▸ **Exercise**
The printed result should hold only the lines from the opening of the data through the line bearing "4. m3Washer:2 — Mate:3, Mate:4", exactly as given and without pictures.

Extracted data START

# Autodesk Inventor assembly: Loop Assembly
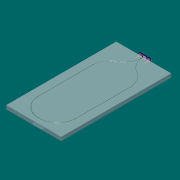
[picture p0: Inventor's stored thumbnail of the model, 180x180]
Saved by Autodesk Inventor 2016 (Build 200138000, 138)
## iProperties
Created: 2015-08-17
Part Number: Loop Assembly
Document SubType Name: Assembly
Designer: Cosmic
Author: Cosmic
## Documents named in this file (8)
- C:\Users\Sawaiz\OneDrive\projects\scintillatorPanel\loopLargePanel.iam
- C:\Users\Sawaiz\OneDrive\projects\scintillatorPanel\loopLargePanel.ipt
- C:\Users\Sawaiz\OneDrive\projects\scintillatorPanel\fiberLargeLoop.ipt
- C:\Users\Sawaiz\OneDrive\projects\scintillatorPanel\m3Washer.ipt
- C:\Users\Sawaiz\OneDrive\projects\scintillatorPanel\2mmSpacer.ipt
- C:\Users\Sawaiz\OneDrive\projects\scintillatorPanel\mppcSensorInterface\cad\sensor.iam
- C:\Users\Sawaiz\OneDrive\projects\scintillatorPanel\m3x8.ipt
- C:\Users\Sawaiz\OneDrive\projects\scintillatorPanel\Scintillator.xlsx
## Components (9 placed, 6 different names)
1. loopLargePanel:1 — Flush:1, Tangent:1, Tangent:2, Tangent:3, Flush:2, Mate:12, Mate:13, Mate:14, Flush:4, Mate:15, Mate:16, Mate:20, Mate:21
2. fiberLargeLoop:1 — Flush:1, Tangent:1, Tangent:2, Tangent:3, Flush:2, Flush:4, Mate:15, Mate:16
3. m3Washer:1 — Mate:1, Mate:2, Mate:25
4. m3Washer:2 — Mate:3, Mate:4
5. 2mmSpacer:1 — Mate:1, Mate:2, Mate:10, Mate:14, Mate:18
6. 2mmSpacer:2 — Mate:3, Mate:4, Mate:11, Mate:17
7. sensor:1 [sub-assembly] — Mate:22, Mate:23, Mate:24, Mate:25
8. m3x8:1 — Flush:3, Mate:10, Mate:12, Mate:17, Flush:5, Mate:21, Mate:24
9. m3x8:2 — Flush:3, Mate:11, Mate:13, Mate:18, Flush:5, Mate:20, Mate:22, Mate:23
## Relationships (27: Mate 19, Flush 5, Tangent 3)
- Flush:1: loopLargePanel:1 ↔ fiberLargeLoop:1
- Tangent:1 (0.15 mm): loopLargePanel:1 ↔ fiberLargeLoop:1
- Tangent:2 (0.15 mm): loopLargePanel:1 ↔ fiberLargeLoop:1
- Tangent:3 (0.15 mm): loopLargePanel:1 ↔ fiberLargeLoop:1
- Flush:2: loopLargePanel:1 ↔ fiberLargeLoop:1
- Mate:1: m3Washer:1 ↔ 2mmSpacer:1
- Mate:2: m3Washer:1 ↔ 2mmSpacer:1
- Mate:3: m3Washer:2 ↔ 2mmSpacer:2
- Mate:4: m3Washer:2 ↔ 2mmSpacer:2
- Flush:3: m3x8:1 ↔ m3x8:2
- Mate:10: 2mmSpacer:1 ↔ m3x8:1
- Mate:11: 2mmSpacer:2 ↔ m3x8:2
- Mate:12: loopLargePanel:1 ↔ m3x8:1
- Mate:13: loopLargePanel:1 ↔ m3x8:2
- Mate:14: loopLargePanel:1 ↔ 2mmSpacer:1
- Flush:4: loopLargePanel:1 ↔ fiberLargeLoop:1
- Mate:15 (0.15 mm): loopLargePanel:1 ↔ fiberLargeLoop:1
- Mate:16 (0.15 mm): loopLargePanel:1 ↔ fiberLargeLoop:1
- Mate:17: 2mmSpacer:2 ↔ m3x8:1
- Mate:18: 2mmSpacer:1 ↔ m3x8:2
- Flush:5: m3x8:1 ↔ m3x8:2
- Mate:20: loopLargePanel:1 ↔ m3x8:2
- Mate:21: loopLargePanel:1 ↔ m3x8:1
- Mate:22: sensor:1 ↔ m3x8:2
- Mate:23: sensor:1 ↔ m3x8:2
- Mate:24: sensor:1 ↔ m3x8:1
- Mate:25: m3Washer:1 ↔ sensor:1
## Named parameters: OpticalFiberClearence = 0.15 mm, MPPCClearence = 0.075 mm, FiberSensorClerence = 0.5 mm, OpticalFiberDiameter = 1 mm, ScintillatorThickness = 10 mm, SmallTrackDiameter = 175 mm, LargeTrackRatio = 3, ScintillatorEdgeClearence = 3 mm, ScintillatorWidth = 145 mm, ScintillatorHeight = 290 mm, ShallowTrackDepth = 1.3 mm, MPPCSensorClearence = 1.45 mm, MPPCSensorOffsett = 2.105 mm, MPPCWidth = 5.9 mm, MPPCHeight = 6.55 mm, FiberEdgeOffsett = 5 mm, MPPCDepth = 1 mm, LongFiberAngle = 30 deg, ShortFiberAngle = 78 deg, LoopLargeTrackRatio = 1.1, LoopSmallTrackDiameter = 90 mm, MountingScrewDepth = 2 mm, MountingScrewOffsett = 12 mm, LoopLength = 140 mm

Extracted data END

▸ **Output of the task**
# Autodesk Inventor assembly: Loop Assembly
[picture p0: Inventor's stored thumbnail of the model, 180x180]
Saved by Autodesk Inventor 2016 (Build 200138000, 138)
## iProperties
Created: 2015-08-17
Part Number: Loop Assembly
Document SubType Name: Assembly
Designer: Cosmic
Author: Cosmic
## Documents named in this file (8)
- C:\Users\Sawaiz\OneDrive\projects\scintillatorPanel\loopLargePanel.iam
- C:\Users\Sawaiz\OneDrive\projects\scintillatorPanel\loopLargePanel.ipt
- C:\Users\Sawaiz\OneDrive\projects\scintillatorPanel\fiberLargeLoop.ipt
- C:\Users\Sawaiz\OneDrive\projects\scintillatorPanel\m3Washer.ipt
- C:\Users\Sawaiz\OneDrive\projects\scintillatorPanel\2mmSpacer.ipt
- C:\Users\Sawaiz\OneDrive\projects\scintillatorPanel\mppcSensorInterface\cad\sensor.iam
- C:\Users\Sawaiz\OneDrive\projects\scintillatorPanel\m3x8.ipt
- C:\Users\Sawaiz\OneDrive\projects\scintillatorPanel\Scintillator.xlsx
## Components (9 placed, 6 different names)
1. loopLargePanel:1 — Flush:1, Tangent:1, Tangent:2, Tangent:3, Flush:2, Mate:12, Mate:13, Mate:14, Flush:4, Mate:15, Mate:16, Mate:20, Mate:21
2. fiberLargeLoop:1 — Flush:1, Tangent:1, Tangent:2, Tangent:3, Flush:2, Flush:4, Mate:15, Mate:16
3. m3Washer:1 — Mate:1, Mate:2, Mate:25
4. m3Washer:2 — Mate:3, Mate:4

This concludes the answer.